Bei uns in den Betrieben, dass die Ausbildung häufig immer noch so abläuft wie vor 40 Jahren. Wir haben schon lange darauf gedrängt, dass die Digitalisierung genutzt werden muss. Das öffnet ja auch methodisch irrsinnig viele Chancen. Aber das hat in vielen Betrieben nicht stattgefunden und ist uns jetzt total auf die Füße gefallen.
Und welche Erkenntnisse gibt es über die Ausbildung hinaus?
In den Betrieben, in denen es bisher schlecht lief, hat Corona voll reingehauen. Da werden wir einen schwierigen Herbst erleben.
Wie habt ihr als Gewerkschafter auf Corona reagiert?
Wir haben die Arbeit komplett umgestellt. Viele sind ins Homeoffice gegangen. Betriebsversammlungen, Jugendversammlungen, Mitgliederversammlungen konnten nicht stattfinden. Wir haben auf Webinare umgestellt, das mussten wir erst entdecken für uns. Und wir haben viele Online-Angebote hochgezogen. Sprechstunden zum Beispiel.
Jetzt fahren die Betriebe die Produktionen wieder hoch, aber wir wissen, es werden gerade hier in Baden-Württemberg mit seiner ausgeprägten Industriestruktur schwere Verwerfungen auf uns zukommen. Was erleben Sie in den Betrieben?
Geschäftsführungen wollen mit uns verhandeln, wenn es Liquiditätsengpässe gibt, wie man die beiseiteräumen kann. Das sind jetzt so die ersten Schritte. Und klar, bei Eberspächer in Esslingen, die jetzt ein Werk mit 300 Arbeitsplätzen schließen wollen: Da hat Corona die Entscheidung, die schon lange gefallen war, beschleunigt, dass man Produktion jetzt nach Polen verlagern möchte. Aber es gab auch Betriebe, die haben durchgeschafft und sind auch jetzt voll ausgelastet.
Wird Corona genutzt, um strategische Entscheidungen schneller durchzusetzen?
Ganz sicher. Geschäftsleitungen nutzen Corona jetzt, um irgendwelche Papiere aus der Schublade zu holen und die jetzt umzusetzen.
Es geht gar nicht um Liquiditätsprobleme?
In vielen Fällen schon, aber nicht in allen, denke ich. Manchen geht es auch jetzt einfach darum, Profite weiter zu maximieren.
Wie reagiert ihr darauf, und wie reagieren die Beschäftigten im Betrieb?

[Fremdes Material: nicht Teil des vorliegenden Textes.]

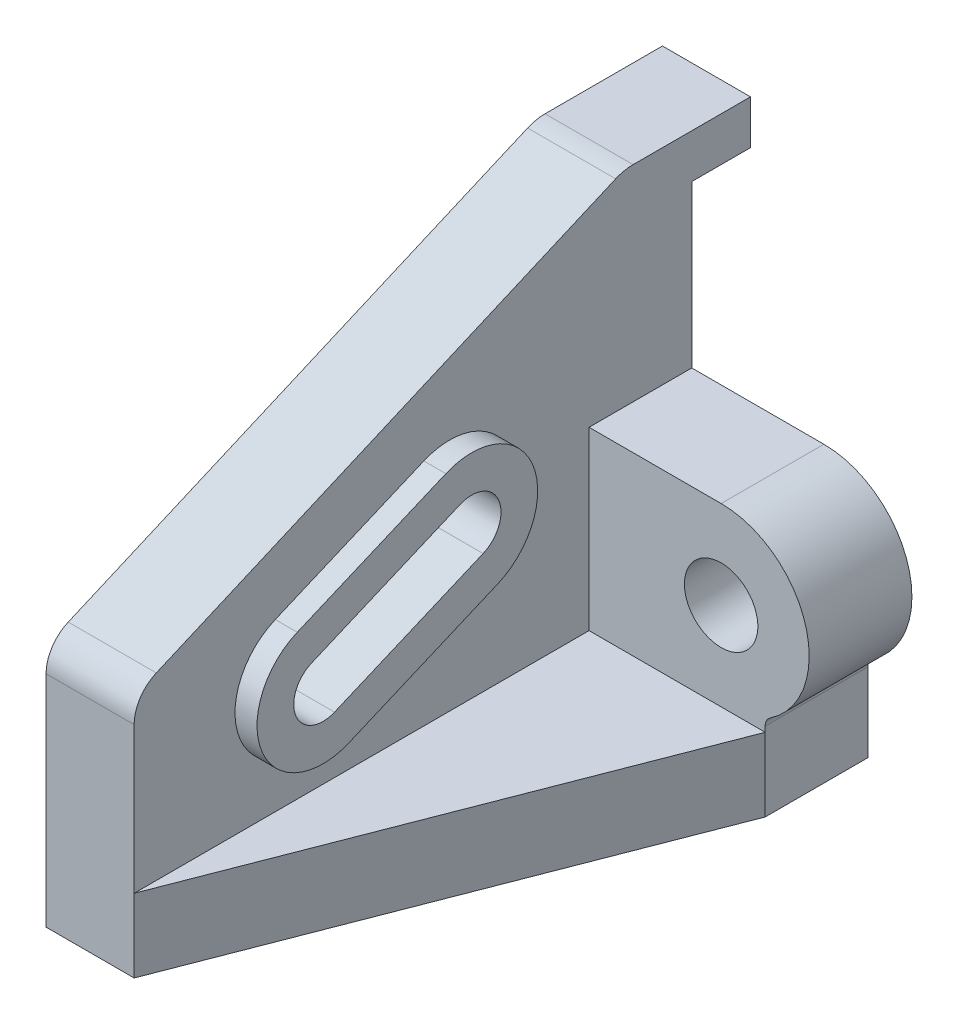
ISO-10303-21;
HEADER;
FILE_DESCRIPTION(('STEP AP214'),'2;1');
FILE_NAME('part.step','',(''),(''),'','','');
FILE_SCHEMA(('AUTOMOTIVE_DESIGN { 1 0 10303 214 1 1 1 1 }'));
ENDSEC;
DATA;
#1=APPLICATION_CONTEXT('core data for automotive mechanical design processes');
#2=APPLICATION_PROTOCOL_DEFINITION('international standard','automotive_design',2000,#1);
#3=PRODUCT_CONTEXT('',#1,'mechanical');
#4=PRODUCT('Part','Part','',(#3));
#5=PRODUCT_RELATED_PRODUCT_CATEGORY('part','',(#4));
#6=PRODUCT_DEFINITION_FORMATION('','',#4);
#7=PRODUCT_DEFINITION_CONTEXT('part definition',#1,'design');
#8=PRODUCT_DEFINITION('design','',#6,#7);
#9=PRODUCT_DEFINITION_SHAPE('','',#8);
#10=(LENGTH_UNIT() NAMED_UNIT(*) SI_UNIT(.MILLI.,.METRE.));
#11=(NAMED_UNIT(*) PLANE_ANGLE_UNIT() SI_UNIT($,.RADIAN.));
#12=(NAMED_UNIT(*) SI_UNIT($,.STERADIAN.) SOLID_ANGLE_UNIT());
#13=UNCERTAINTY_MEASURE_WITH_UNIT(LENGTH_MEASURE(1.E-05),#10,'distance_accuracy_value','');
#14=(GEOMETRIC_REPRESENTATION_CONTEXT(3) GLOBAL_UNCERTAINTY_ASSIGNED_CONTEXT((#13)) GLOBAL_UNIT_ASSIGNED_CONTEXT((#10,
#11,#12)) REPRESENTATION_CONTEXT('',''));
#15=CARTESIAN_POINT('',(0.,0.,0.));
#16=DIRECTION('',(0.,0.,1.));
#17=DIRECTION('',(1.,0.,0.));
#18=AXIS2_PLACEMENT_3D('',#15,#16,#17);
#19=CARTESIAN_POINT('',(19.05,0.,0.));
#20=DIRECTION('',(1.,0.,0.));
#21=DIRECTION('',(0.,0.,-1.));
#22=AXIS2_PLACEMENT_3D('',#19,#20,#21);
#23=PLANE('',#22);
#24=DIRECTION('',(0.,0.,-1.));
#25=VECTOR('',#24,1.);
#26=CARTESIAN_POINT('',(19.05,38.1,-98.425));
#27=LINE('',#26,#25);
#28=CARTESIAN_POINT('',(19.05,38.1,-98.425));
#29=VERTEX_POINT('',#28);
#30=CARTESIAN_POINT('',(19.05,38.1,-120.65));
#31=VERTEX_POINT('',#30);
#32=EDGE_CURVE('E219',#29,#31,#27,.T.);
#33=ORIENTED_EDGE('',*,*,#32,.T.);
#34=DIRECTION('',(0.,1.,0.));
#35=VECTOR('',#34,1.);
#36=CARTESIAN_POINT('',(19.05,0.,-120.65));
#37=LINE('',#36,#35);
#38=CARTESIAN_POINT('',(19.05,73.025,-120.65));
#39=VERTEX_POINT('',#38);
#40=EDGE_CURVE('E318',#31,#39,#37,.T.);
#41=ORIENTED_EDGE('',*,*,#40,.T.);
#42=DIRECTION('',(0.,0.,-1.));
#43=VECTOR('',#42,1.);
#44=CARTESIAN_POINT('',(19.05,73.025,0.));
#45=LINE('',#44,#43);
#46=CARTESIAN_POINT('',(19.05,73.025,-133.35));
#47=VERTEX_POINT('',#46);
#48=EDGE_CURVE('E320',#39,#47,#45,.T.);
#49=ORIENTED_EDGE('',*,*,#48,.T.);
#50=DIRECTION('',(0.,1.,0.));
#51=VECTOR('',#50,1.);
#52=CARTESIAN_POINT('',(19.05,0.,-133.35));
#53=LINE('',#52,#51);
#54=CARTESIAN_POINT('',(19.05,82.55,-133.35));
#55=VERTEX_POINT('',#54);
#56=EDGE_CURVE('E322',#47,#55,#53,.T.);
#57=ORIENTED_EDGE('',*,*,#56,.T.);
#58=DIRECTION('',(0.,0.,1.));
#59=VECTOR('',#58,1.);
#60=CARTESIAN_POINT('',(19.05,82.55,0.));
#61=LINE('',#60,#59);
#62=CARTESIAN_POINT('',(19.05,82.55,-107.95));
#63=VERTEX_POINT('',#62);
#64=EDGE_CURVE('E324',#55,#63,#61,.T.);
#65=ORIENTED_EDGE('',*,*,#64,.T.);
#66=CARTESIAN_POINT('',(19.05,73.025,-107.95));
#67=DIRECTION('',(1.,0.,0.));
#68=DIRECTION('',(0.,0.,-1.));
#69=AXIS2_PLACEMENT_3D('',#66,#67,#68);
#70=CIRCLE('',#69,9.52500000000001);
#71=CARTESIAN_POINT('',(19.05,81.7706306883739,-104.176464673205));
#72=VERTEX_POINT('',#71);
#73=EDGE_CURVE('E326',#63,#72,#70,.T.);
#74=ORIENTED_EDGE('',*,*,#73,.T.);
#75=DIRECTION('',(0.,-0.396171687852546,0.918176450222976));
#76=VECTOR('',#75,1.);
#77=CARTESIAN_POINT('',(19.05,31.0418026918558,13.3938126636027));
#78=LINE('',#77,#76);
#79=CARTESIAN_POINT('',(19.05,38.8889388176448,-4.79288722767042));
#80=VERTEX_POINT('',#79);
#81=EDGE_CURVE('E328',#72,#80,#78,.T.);
#82=ORIENTED_EDGE('',*,*,#81,.T.);
#83=CARTESIAN_POINT('',(19.05,31.6009132439999,-7.9375));
#84=DIRECTION('',(1.,0.,0.));
#85=DIRECTION('',(0.,0.,-1.));
#86=AXIS2_PLACEMENT_3D('',#83,#84,#85);
#87=CIRCLE('',#86,7.9375);
#88=CARTESIAN_POINT('',(19.05,31.6009132439999,0.));
#89=VERTEX_POINT('',#88);
#90=EDGE_CURVE('E312',#80,#89,#87,.T.);
#91=ORIENTED_EDGE('',*,*,#90,.T.);
#92=DIRECTION('',(0.,-1.,0.));
#93=VECTOR('',#92,1.);
#94=CARTESIAN_POINT('',(19.05,0.,0.));
#95=LINE('',#94,#93);
#96=CARTESIAN_POINT('',(19.05,0.,0.));
#97=VERTEX_POINT('',#96);
#98=EDGE_CURVE('E315',#89,#97,#95,.T.);
#99=ORIENTED_EDGE('',*,*,#98,.T.);
#100=DIRECTION('',(0.,0.,1.));
#101=VECTOR('',#100,1.);
#102=CARTESIAN_POINT('',(19.05,0.,0.));
#103=LINE('',#102,#101);
#104=CARTESIAN_POINT('',(19.05,0.,-98.425));
#105=VERTEX_POINT('',#104);
#106=EDGE_CURVE('E223',#105,#97,#103,.T.);
#107=ORIENTED_EDGE('',*,*,#106,.F.);
#108=DIRECTION('',(0.,-1.,0.));
#109=VECTOR('',#108,1.);
#110=CARTESIAN_POINT('',(19.05,0.,-98.425));
#111=LINE('',#110,#109);
#112=EDGE_CURVE('E216',#29,#105,#111,.T.);
#113=ORIENTED_EDGE('',*,*,#112,.F.);
#114=EDGE_LOOP('',(#33,#41,#49,#57,#65,#74,#82,#91,#99,#107,#113));
#115=FACE_BOUND('',#114,.T.);
#116=DIRECTION('',(0.,-0.390731128489268,0.920504853452443));
#117=VECTOR('',#116,1.);
#118=CARTESIAN_POINT('',(19.05,-6.76557277831786,-2.87181526162913));
#119=LINE('',#118,#117);
#120=CARTESIAN_POINT('',(19.05,23.3607869062982,-73.8450709982904));
#121=VERTEX_POINT('',#120);
#122=CARTESIAN_POINT('',(19.05,9.71450224381053,-41.6964389914639));
#123=VERTEX_POINT('',#122);
#124=EDGE_CURVE('E296',#121,#123,#119,.T.);
#125=ORIENTED_EDGE('',*,*,#124,.T.);
#126=CARTESIAN_POINT('',(19.05,22.8662153375123,-36.1138679931735));
#127=DIRECTION('',(1.,0.,0.));
#128=DIRECTION('',(0.,0.,-1.));
#129=AXIS2_PLACEMENT_3D('',#126,#127,#128);
#130=CIRCLE('',#129,14.2875);
#131=CARTESIAN_POINT('',(19.05,36.0179284312141,-30.531296994883));
#132=VERTEX_POINT('',#131);
#133=EDGE_CURVE('E282',#132,#123,#130,.T.);
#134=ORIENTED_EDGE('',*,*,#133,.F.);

Unsere Leute reagieren unterschiedlich. Bei Eberspächer organisieren wir jetzt den Widerstand gegen die Verlagerung nach Polen. Aber es gibt bei unseren Leuten auch ganz viel Verständnis, wenn im Betrieb tatsächlich wirtschaftliche Schwierigkeiten anstehen. Zum Beispiel bei Heller in Nürtingen: Der Mangel an Aufträgen bestand schon länger und die Situation ist durch Corona dramatisch schlechter geworden. Aber die Geschäftsleitung ist sehr offen damit umgegangen und auf uns zugekommen. Bei der Belegschaft ist viel Verständnis da, dass man jetzt einen guten Kompromiss finden muss.
0 Kommentare verfügbar
Schreiben Sie den ersten Kommentar!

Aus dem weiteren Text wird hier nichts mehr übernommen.